The Sacred Tarot
The tarot in the internet age is in a similar position to astrology.
Throughout history it has always been degraded into cheap fortune-telling.
The tarot cards, like a birth chart, are used by fortune-tellers to divine or speculate on the future.
An entry in Wikipedia will tell you that the tarot dates back to the mid-15th century – but it’s much older than that.
Its origins date back to ancient Chaldea and ancient Egypt but the masters of occult law back then got the symbolic pictographs depicted on the cards from an even more ancient source.
In the very ancient past the first astrologers marked their discoveries regarding the soul and stars with appropriate symbols.
They engraved their spiritual wisdom in the sky and on plates.

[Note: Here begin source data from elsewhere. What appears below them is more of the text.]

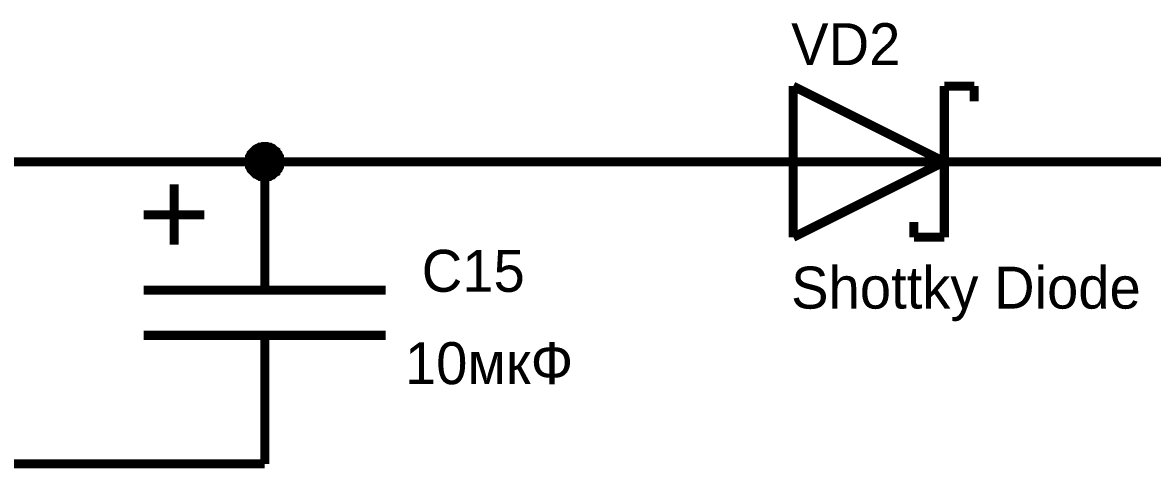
# Model space of a CAD drawing. Extents: x 0 to 594, y 0 to 420.
# Drawn here: x 94.59 to 131.98, y 192.34 to 207.1 of the extents above; entities that cross this region are included whole.
import ezdxf

# ---------------------------------------------------------------- set-up
doc = ezdxf.new("R2010")
doc.units = 0
doc.layers.add('SHEET', color=255, linetype='CONTINUOUS')

msp = doc.modelspace()

# ---------------------------------------------------------------- linework, layer by layer
at = {"layer": 'SHEET'}
for points, const_width in [([(120.092, 202.495), (120.092, 204.997)], 0.3), ([(125.093, 202.495), (120.092, 204.997)], 0.3), ([(125.093, 202.495), (125.093, 204.997)], 0.3), ([(125.093, 204.997), (126.083, 204.997)], 0.3), ([(126.083, 204.997), (126.083, 204.493)], 0.3), ([(102.085, 202.495), (102.085, 202.512), (102.085, 202.547), (102.085, 202.565), (102.102, 202.599), (102.102, 202.617), (102.102, 202.651), (102.12, 202.669), (102.12, 202.686), (102.137, 202.721), (102.155, 202.738), (102.155, 202.756), (102.172, 202.773), (102.189, 202.79), (102.207, 202.808), (102.224, 202.825), (102.241, 202.842), (102.259, 202.86), (102.276, 202.877), (102.293, 202.895), (102.311, 202.912), (102.346, 202.929), (102.363, 202.929), (102.38, 202.947), (102.415, 202.964), (102.432, 202.964), (102.45, 202.981), (102.484, 202.981), (102.502, 202.981), (102.537, 202.999), (102.554, 202.999), (102.589, 202.999), (102.606, 202.999)], 0.3), ([(102.085, 202.495), (102.085, 202.512), (102.085, 202.547), (102.085, 202.565), (102.102, 202.599), (102.102, 202.617), (102.102, 202.651), (102.12, 202.669), (102.12, 202.686), (102.137, 202.721), (102.155, 202.738), (102.155, 202.756), (102.172, 202.773), (102.189, 202.79), (102.207, 202.808), (102.224, 202.825), (102.241, 202.842), (102.259, 202.86), (102.276, 202.877), (102.293, 202.895), (102.311, 202.912), (102.346, 202.929), (102.363, 202.929), (102.38, 202.947), (102.415, 202.964), (102.432, 202.964), (102.45, 202.981), (102.484, 202.981), (102.502, 202.981), (102.537, 202.999), (102.554, 202.999), (102.589, 202.999), (102.606, 202.999)], 0.3), ([(102.085, 202.495), (102.085, 202.512), (102.085, 202.547), (102.085, 202.565), (102.102, 202.599), (102.102, 202.617), (102.102, 202.651), (102.12, 202.669), (102.12, 202.686), (102.137, 202.721), (102.155, 202.738), (102.155, 202.756), (102.172, 202.773), (102.189, 202.79), (102.207, 202.808), (102.224, 202.825), (102.241, 202.842), (102.259, 202.86), (102.276, 202.877), (102.293, 202.895), (102.311, 202.912), (102.346, 202.929), (102.363, 202.929), (102.38, 202.947), (102.415, 202.964), (102.432, 202.964), (102.45, 202.981), (102.484, 202.981), (102.502, 202.981), (102.537, 202.999), (102.554, 202.999), (102.589, 202.999), (102.606, 202.999)], 0.3), ([(102.085, 202.495), (102.085, 202.512), (102.085, 202.547), (102.085, 202.565), (102.102, 202.599), (102.102, 202.617), (102.102, 202.651), (102.12, 202.669), (102.12, 202.686), (102.137, 202.721), (102.155, 202.738), (102.155, 202.756), (102.172, 202.773), (102.189, 202.79), (102.207, 202.808), (102.224, 202.825), (102.241, 202.842), (102.259, 202.86), (102.276, 202.877), (102.293, 202.895), (102.311, 202.912), (102.346, 202.929), (102.363, 202.929), (102.38, 202.947), (102.415, 202.964), (102.432, 202.964), (102.45, 202.981), (102.484, 202.981), (102.502, 202.981), (102.537, 202.999), (102.554, 202.999), (102.589, 202.999), (102.606, 202.999)], 0.3), ([(102.085, 202.495), (102.085, 202.512), (102.085, 202.547), (102.085, 202.565), (102.102, 202.599), (102.102, 202.617), (102.102, 202.651), (102.12, 202.669), (102.12, 202.686), (102.137, 202.721), (102.155, 202.738), (102.155, 202.756), (102.172, 202.773), (102.189, 202.79), (102.207, 202.808), (102.224, 202.825), (102.241, 202.842), (102.259, 202.86), (102.276, 202.877), (102.293, 202.895), (102.311, 202.912), (102.346, 202.929), (102.363, 202.929), (102.38, 202.947), (102.415, 202.964), (102.432, 202.964), (102.45, 202.981), (102.484, 202.981), (102.502, 202.981), (102.537, 202.999), (102.554, 202.999), (102.589, 202.999), (102.606, 202.999)], 0.3), ([(102.085, 202.495), (102.085, 202.512), (102.085, 202.547), (102.085, 202.565), (102.102, 202.599), (102.102, 202.617), (102.102, 202.651), (102.12, 202.669), (102.12, 202.686), (102.137, 202.721), (102.155, 202.738), (102.155, 202.756), (102.172, 202.773), (102.189, 202.79), (102.207, 202.808), (102.224, 202.825), (102.241, 202.842), (102.259, 202.86), (102.276, 202.877), (102.293, 202.895), (102.311, 202.912), (102.346, 202.929), (102.363, 202.929), (102.38, 202.947), (102.415, 202.964), (102.432, 202.964), (102.45, 202.981), (102.484, 202.981), (102.502, 202.981), (102.537, 202.999), (102.554, 202.999), (102.589, 202.999), (102.606, 202.999)], 0.0991), ([(102.085, 202.495), (102.085, 202.512), (102.085, 202.547), (102.085, 202.565), (102.102, 202.599), (102.102, 202.617), (102.102, 202.651), (102.12, 202.669), (102.12, 202.686), (102.137, 202.721), (102.155, 202.738), (102.155, 202.756), (102.172, 202.773), (102.189, 202.79), (102.207, 202.808), (102.224, 202.825), (102.241, 202.842), (102.259, 202.86), (102.276, 202.877), (102.293, 202.895), (102.311, 202.912), (102.346, 202.929), (102.363, 202.929), (102.38, 202.947), (102.415, 202.964), (102.432, 202.964), (102.45, 202.981), (102.484, 202.981), (102.502, 202.981), (102.537, 202.999), (102.554, 202.999), (102.589, 202.999), (102.606, 202.999)], 0.0991), ([(102.085, 202.495), (102.085, 202.512), (102.085, 202.547), (102.085, 202.565), (102.102, 202.599), (102.102, 202.617), (102.102, 202.651), (102.12, 202.669), (102.12, 202.686), (102.137, 202.721), (102.155, 202.738), (102.155, 202.756), (102.172, 202.773), (102.189, 202.79), (102.207, 202.808), (102.224, 202.825), (102.241, 202.842), (102.259, 202.86), (102.276, 202.877), (102.293, 202.895), (102.311, 202.912), (102.346, 202.929), (102.363, 202.929), (102.38, 202.947), (102.415, 202.964), (102.432, 202.964), (102.45, 202.981), (102.484, 202.981), (102.502, 202.981), (102.537, 202.999), (102.554, 202.999), (102.589, 202.999), (102.606, 202.999)], 0.0991), ([(102.085, 202.495), (102.085, 202.512), (102.085, 202.547), (102.085, 202.565), (102.102, 202.599), (102.102, 202.617), (102.102, 202.651), (102.12, 202.669), (102.12, 202.686), (102.137, 202.721), (102.155, 202.738), (102.155, 202.756), (102.172, 202.773), (102.189, 202.79), (102.207, 202.808), (102.224, 202.825), (102.241, 202.842), (102.259, 202.86), (102.276, 202.877), (102.293, 202.895), (102.311, 202.912), (102.346, 202.929), (102.363, 202.929), (102.38, 202.947), (102.415, 202.964), (102.432, 202.964), (102.45, 202.981), (102.484, 202.981), (102.502, 202.981), (102.537, 202.999), (102.554, 202.999), (102.589, 202.999), (102.606, 202.999)], 0.0991), ([(102.085, 202.495), (102.085, 202.512), (102.085, 202.547), (102.085, 202.565), (102.102, 202.599), (102.102, 202.617), (102.102, 202.651), (102.12, 202.669), (102.12, 202.686), (102.137, 202.721), (102.155, 202.738), (102.155, 202.756), (102.172, 202.773), (102.189, 202.79), (102.207, 202.808), (102.224, 202.825), (102.241, 202.842), (102.259, 202.86), (102.276, 202.877), (102.293, 202.895), (102.311, 202.912), (102.346, 202.929), (102.363, 202.929), (102.38, 202.947), (102.415, 202.964), (102.432, 202.964), (102.45, 202.981), (102.484, 202.981), (102.502, 202.981), (102.537, 202.999), (102.554, 202.999), (102.589, 202.999), (102.606, 202.999)], 0.0991), ([(102.606, 202.999), (102.606, 202.999)], 0.3), ([(102.606, 202.999), (102.623, 202.999), (102.658, 202.999), (102.675, 202.999), (102.71, 202.981), (102.728, 202.981), (102.762, 202.981), (102.78, 202.964), (102.797, 202.964), (102.832, 202.947), (102.849, 202.929), (102.866, 202.929), (102.884, 202.912), (102.901, 202.895), (102.919, 202.877), (102.936, 202.86), (102.971, 202.842), (102.971, 202.825), (102.988, 202.808), (103.005, 202.79), (103.023, 202.773), (103.04, 202.756), (103.04, 202.738), (103.057, 202.721), (103.075, 202.686), (103.075, 202.669), (103.092, 202.651), (103.092, 202.617), (103.092, 202.599), (103.11, 202.565), (103.11, 202.547), (103.11, 202.512), (103.11, 202.495)], 0.3), ([(102.606, 202.999), (102.606, 202.999)], 0.3), ([(102.606, 202.999), (102.623, 202.999), (102.658, 202.999), (102.675, 202.999), (102.71, 202.981), (102.728, 202.981), (102.762, 202.981), (102.78, 202.964), (102.797, 202.964), (102.832, 202.947), (102.849, 202.929), (102.866, 202.929), (102.884, 202.912), (102.901, 202.895), (102.919, 202.877), (102.936, 202.86), (102.971, 202.842), (102.971, 202.825), (102.988, 202.808), (103.005, 202.79), (103.023, 202.773), (103.04, 202.756), (103.04, 202.738), (103.057, 202.721), (103.075, 202.686), (103.075, 202.669), (103.092, 202.651), (103.092, 202.617), (103.092, 202.599), (103.11, 202.565), (103.11, 202.547), (103.11, 202.512), (103.11, 202.495)], 0.3), ([(102.606, 202.999), (102.606, 202.999)], 0.3), ([(102.606, 202.999), (102.623, 202.999), (102.658, 202.999), (102.675, 202.999), (102.71, 202.981), (102.728, 202.981), (102.762, 202.981), (102.78, 202.964), (102.797, 202.964), (102.832, 202.947), (102.849, 202.929), (102.866, 202.929), (102.884, 202.912), (102.901, 202.895), (102.919, 202.877), (102.936, 202.86), (102.971, 202.842), (102.971, 202.825), (102.988, 202.808), (103.005, 202.79), (103.023, 202.773), (103.04, 202.756), (103.04, 202.738), (103.057, 202.721), (103.075, 202.686), (103.075, 202.669), (103.092, 202.651), (103.092, 202.617), (103.092, 202.599), (103.11, 202.565), (103.11, 202.547), (103.11, 202.512), (103.11, 202.495)], 0.3), ([(102.606, 202.999), (102.606, 202.999)], 0.3), ([(102.606, 202.999), (102.623, 202.999), (102.658, 202.999), (102.675, 202.999), (102.71, 202.981), (102.728, 202.981), (102.762, 202.981), (102.78, 202.964), (102.797, 202.964), (102.832, 202.947), (102.849, 202.929), (102.866, 202.929), (102.884, 202.912), (102.901, 202.895), (102.919, 202.877), (102.936, 202.86), (102.971, 202.842), (102.971, 202.825), (102.988, 202.808), (103.005, 202.79), (103.023, 202.773), (103.04, 202.756), (103.04, 202.738), (103.057, 202.721), (103.075, 202.686), (103.075, 202.669), (103.092, 202.651), (103.092, 202.617), (103.092, 202.599), (103.11, 202.565), (103.11, 202.547), (103.11, 202.512), (103.11, 202.495)], 0.3), ([(102.606, 202.999), (102.606, 202.999)], 0.3), ([(102.606, 202.999), (102.623, 202.999), (102.658, 202.999), (102.675, 202.999), (102.71, 202.981), (102.728, 202.981), (102.762, 202.981), (102.78, 202.964), (102.797, 202.964), (102.832, 202.947), (102.849, 202.929), (102.866, 202.929), (102.884, 202.912), (102.901, 202.895), (102.919, 202.877), (102.936, 202.86), (102.971, 202.842), (102.971, 202.825), (102.988, 202.808), (103.005, 202.79), (103.023, 202.773), (103.04, 202.756), (103.04, 202.738), (103.057, 202.721), (103.075, 202.686), (103.075, 202.669), (103.092, 202.651), (103.092, 202.617), (103.092, 202.599), (103.11, 202.565), (103.11, 202.547), (103.11, 202.512), (103.11, 202.495)], 0.3), ([(102.606, 202.999), (102.606, 202.999)], 0.0991), ([(102.606, 202.999), (102.623, 202.999), (102.658, 202.999), (102.675, 202.999), (102.71, 202.981), (102.728, 202.981), (102.762, 202.981), (102.78, 202.964), (102.797, 202.964), (102.832, 202.947), (102.849, 202.929), (102.866, 202.929), (102.884, 202.912), (102.901, 202.895), (102.919, 202.877), (102.936, 202.86), (102.971, 202.842), (102.971, 202.825), (102.988, 202.808), (103.005, 202.79), (103.023, 202.773), (103.04, 202.756), (103.04, 202.738), (103.057, 202.721), (103.075, 202.686), (103.075, 202.669), (103.092, 202.651), (103.092, 202.617), (103.092, 202.599), (103.11, 202.565), (103.11, 202.547), (103.11, 202.512), (103.11, 202.495)], 0.0991), ([(102.606, 202.999), (102.606, 202.999)], 0.0991), ([(102.606, 202.999), (102.623, 202.999), (102.658, 202.999), (102.675, 202.999), (102.71, 202.981), (102.728, 202.981), (102.762, 202.981), (102.78, 202.964), (102.797, 202.964), (102.832, 202.947), (102.849, 202.929), (102.866, 202.929), (102.884, 202.912), (102.901, 202.895), (102.919, 202.877), (102.936, 202.86), (102.971, 202.842), (102.971, 202.825), (102.988, 202.808), (103.005, 202.79), (103.023, 202.773), (103.04, 202.756), (103.04, 202.738), (103.057, 202.721), (103.075, 202.686), (103.075, 202.669), (103.092, 202.651), (103.092, 202.617), (103.092, 202.599), (103.11, 202.565), (103.11, 202.547), (103.11, 202.512), (103.11, 202.495)], 0.0991), ([(102.606, 202.999), (102.606, 202.999)], 0.0991), ([(102.606, 202.999), (102.623, 202.999), (102.658, 202.999), (102.675, 202.999), (102.71, 202.981), (102.728, 202.981), (102.762, 202.981), (102.78, 202.964), (102.797, 202.964), (102.832, 202.947), (102.849, 202.929), (102.866, 202.929), (102.884, 202.912), (102.901, 202.895), (102.919, 202.877), (102.936, 202.86), (102.971, 202.842), (102.971, 202.825), (102.988, 202.808), (103.005, 202.79), (103.023, 202.773), (103.04, 202.756), (103.04, 202.738), (103.057, 202.721), (103.075, 202.686), (103.075, 202.669), (103.092, 202.651), (103.092, 202.617), (103.092, 202.599), (103.11, 202.565), (103.11, 202.547), (103.11, 202.512), (103.11, 202.495)], 0.0991), ([(102.606, 202.999), (102.606, 202.999)], 0.0991), ([(102.606, 202.999), (102.623, 202.999), (102.658, 202.999), (102.675, 202.999), (102.71, 202.981), (102.728, 202.981), (102.762, 202.981), (102.78, 202.964), (102.797, 202.964), (102.832, 202.947), (102.849, 202.929), (102.866, 202.929), (102.884, 202.912), (102.901, 202.895), (102.919, 202.877), (102.936, 202.86), (102.971, 202.842), (102.971, 202.825), (102.988, 202.808), (103.005, 202.79), (103.023, 202.773), (103.04, 202.756), (103.04, 202.738), (103.057, 202.721), (103.075, 202.686), (103.075, 202.669), (103.092, 202.651), (103.092, 202.617), (103.092, 202.599), (103.11, 202.565), (103.11, 202.547), (103.11, 202.512), (103.11, 202.495)], 0.0991), ([(102.606, 202.999), (102.606, 202.999)], 0.0991), ([(102.606, 202.999), (102.623, 202.999), (102.658, 202.999), (102.675, 202.999), (102.71, 202.981), (102.728, 202.981), (102.762, 202.981), (102.78, 202.964), (102.797, 202.964), (102.832, 202.947), (102.849, 202.929), (102.866, 202.929), (102.884, 202.912), (102.901, 202.895), (102.919, 202.877), (102.936, 202.86), (102.971, 202.842), (102.971, 202.825), (102.988, 202.808), (103.005, 202.79), (103.023, 202.773), (103.04, 202.756), (103.04, 202.738), (103.057, 202.721), (103.075, 202.686), (103.075, 202.669), (103.092, 202.651), (103.092, 202.617), (103.092, 202.599), (103.11, 202.565), (103.11, 202.547), (103.11, 202.512), (103.11, 202.495)], 0.0991), ([(77.619, 202.495), (82.602, 202.495), (82.602, 202.495), (102.606, 202.495), (102.606, 202.495), (115.091, 202.495)], 0.3), ([(102.606, 201.991), (102.589, 201.991), (102.554, 201.991), (102.537, 201.991), (102.502, 202.009), (102.484, 202.009), (102.45, 202.009), (102.432, 202.026), (102.415, 202.026), (102.38, 202.043), (102.363, 202.061), (102.346, 202.061), (102.311, 202.078), (102.293, 202.095), (102.276, 202.113), (102.259, 202.13), (102.241, 202.148), (102.224, 202.165), (102.207, 202.182), (102.189, 202.2), (102.172, 202.217), (102.155, 202.234), (102.155, 202.252), (102.137, 202.269), (102.12, 202.304), (102.12, 202.321), (102.102, 202.339), (102.102, 202.373), (102.102, 202.391), (102.085, 202.426), (102.085, 202.443), (102.085, 202.478), (102.085, 202.495)], 0.3), ([(102.085, 202.495), (102.085, 202.495)], 0.3), ([(102.606, 201.991), (102.589, 201.991), (102.554, 201.991), (102.537, 201.991), (102.502, 202.009), (102.484, 202.009), (102.45, 202.009), (102.432, 202.026), (102.415, 202.026), (102.38, 202.043), (102.363, 202.061), (102.346, 202.061), (102.311, 202.078), (102.293, 202.095), (102.276, 202.113), (102.259, 202.13), (102.241, 202.148), (102.224, 202.165), (102.207, 202.182), (102.189, 202.2), (102.172, 202.217), (102.155, 202.234), (102.155, 202.252), (102.137, 202.269), (102.12, 202.304), (102.12, 202.321), (102.102, 202.339), (102.102, 202.373), (102.102, 202.391), (102.085, 202.426), (102.085, 202.443), (102.085, 202.478), (102.085, 202.495)], 0.3), ([(102.085, 202.495), (102.085, 202.495)], 0.3), ([(102.606, 201.991), (102.589, 201.991), (102.554, 201.991), (102.537, 201.991), (102.502, 202.009), (102.484, 202.009), (102.45, 202.009), (102.432, 202.026), (102.415, 202.026), (102.38, 202.043), (102.363, 202.061), (102.346, 202.061), (102.311, 202.078), (102.293, 202.095), (102.276, 202.113), (102.259, 202.13), (102.241, 202.148), (102.224, 202.165), (102.207, 202.182), (102.189, 202.2), (102.172, 202.217), (102.155, 202.234), (102.155, 202.252), (102.137, 202.269), (102.12, 202.304), (102.12, 202.321), (102.102, 202.339), (102.102, 202.373), (102.102, 202.391), (102.085, 202.426), (102.085, 202.443), (102.085, 202.478), (102.085, 202.495)], 0.3), ([(102.085, 202.495), (102.085, 202.495)], 0.3), ([(102.606, 201.991), (102.589, 201.991), (102.554, 201.991), (102.537, 201.991), (102.502, 202.009), (102.484, 202.009), (102.45, 202.009), (102.432, 202.026), (102.415, 202.026), (102.38, 202.043), (102.363, 202.061), (102.346, 202.061), (102.311, 202.078), (102.293, 202.095), (102.276, 202.113), (102.259, 202.13), (102.241, 202.148), (102.224, 202.165), (102.207, 202.182), (102.189, 202.2), (102.172, 202.217), (102.155, 202.234), (102.155, 202.252), (102.137, 202.269), (102.12, 202.304), (102.12, 202.321), (102.102, 202.339), (102.102, 202.373), (102.102, 202.391), (102.085, 202.426), (102.085, 202.443), (102.085, 202.478), (102.085, 202.495)], 0.3), ([(102.085, 202.495), (102.085, 202.495)], 0.3), ([(102.606, 201.991), (102.589, 201.991), (102.554, 201.991), (102.537, 201.991), (102.502, 202.009), (102.484, 202.009), (102.45, 202.009), (102.432, 202.026), (102.415, 202.026), (102.38, 202.043), (102.363, 202.061), (102.346, 202.061), (102.311, 202.078), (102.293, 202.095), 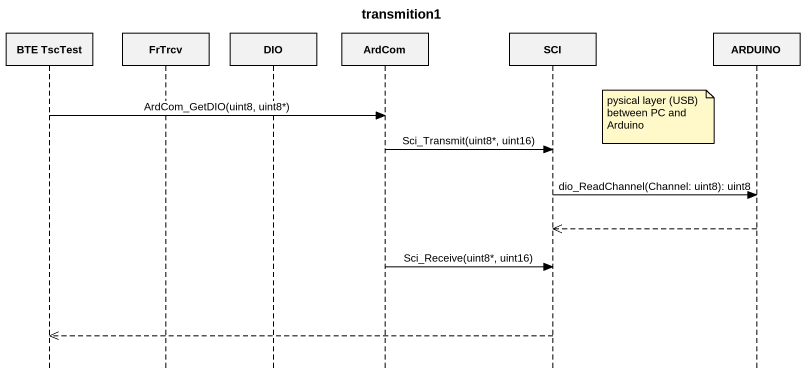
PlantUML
@startuml
title transmition1
hide footbox
participant "BTE TscTest" as BTE_TscTest
participant FrTrcv
participant DIO
participant ArdCom
participant SCI
participant ARDUINO

BTE_TscTest -> ArdCom : ArdCom_GetDIO(uint8, uint8*)
note left of ARDUINO : pysical layer (USB) between PC and Arduino
ArdCom -> SCI : Sci_Transmit(uint8*, uint16)
SCI -> ARDUINO : dio_ReadChannel(Channel: uint8): uint8
ARDUINO -->> SCI
ArdCom -> SCI : Sci_Receive(uint8*, uint16)
SCI -->> BTE_TscTest
@enduml

The Egyptians called these plates the Royal Path of Life because they provide knowledge on how self-conscious immortality can be attained.
Tar in Egyptian means path and Ro means royal.
The symbolic pictographs engraved on the Egyptian tarot cards portray stellar wisdom as it was understood by Egyptian initiates.
Elbert Benjamine’s Sacred Tarot
Elbert Benjamine (aka CC Zain) wrote Brotherhood of Light course 6, The Sacred Tarot, in 1918.
There he explains that the ancients supplemented their astrological knowledge, which was traced in its broader principles in the stars above, with tarot pictures.
And because the cards picture astrological symbolism their true import and understanding requires knowledge of astrology.
In the Sacred Tarot Elbert explains spiritual science including the science of numbers, the science of vibration, universal symbolism and use and scope of the tarot cards.
He explains that the cards are the best means for facilitating the extension of consciousness (extrasensory perception) and that they were developed to help you extend your own consciousness to specific inner-plane information and to make correct observations.
In 1936 Elbert revised and rewrote the Sacred Tarot.
At this time the Church of Light produced its own tarot card deck.
The old Egyptian tarot pictures were accurately described by Iamblichus in a document entitled, An Egyptian Initiation, and the Church of Light tarot cards replicate his descriptions.
The Sacred Tarot is jam-packed with highly abstruse spiritual knowledge, but the cards do have a practical application and can be used to learn about practical life matters pertaining to the here and now.
Ancient wisdom
The Brotherhood of Light’s spiritual messages and exalted teachings have been passed down from ancient times via secret schools.
Astrology is the golden key and the tarot is the silver key.
Both conform to mathematical principles and together they open the door to all knowledge.
In the Sacred Tarot Elbert Benjamine takes you on a spiritual tour de force.
He explains the symbolic meaning associated with each tarot card.
Their primary objective is to impress upon your soul the vital truths regarding your past history and future destiny.
And their purpose is to enlighten and provide spiritual knowledge.
With the Sacred Tarot Elbert dispenses with the need for secret lodges and secret brotherhoods.
He reveals the purpose behind their rituals, ceremonies, symbols and secret initiation ceremonies.
He claimed that secrecy regarding soul knowledge was not a virtue and that the time has come when a few will no longer possess a monopoly on the truths regarding spiritual things.
And by making secret information public it was no longer secret.
In the Sacred Tarot Elbert blows the whistle on spiritual science but it’s a struggle to learn, understand and apply.
Its clear comprehension requires elevated spiritual intelligence and that’s acquired by hard work and persistent effort.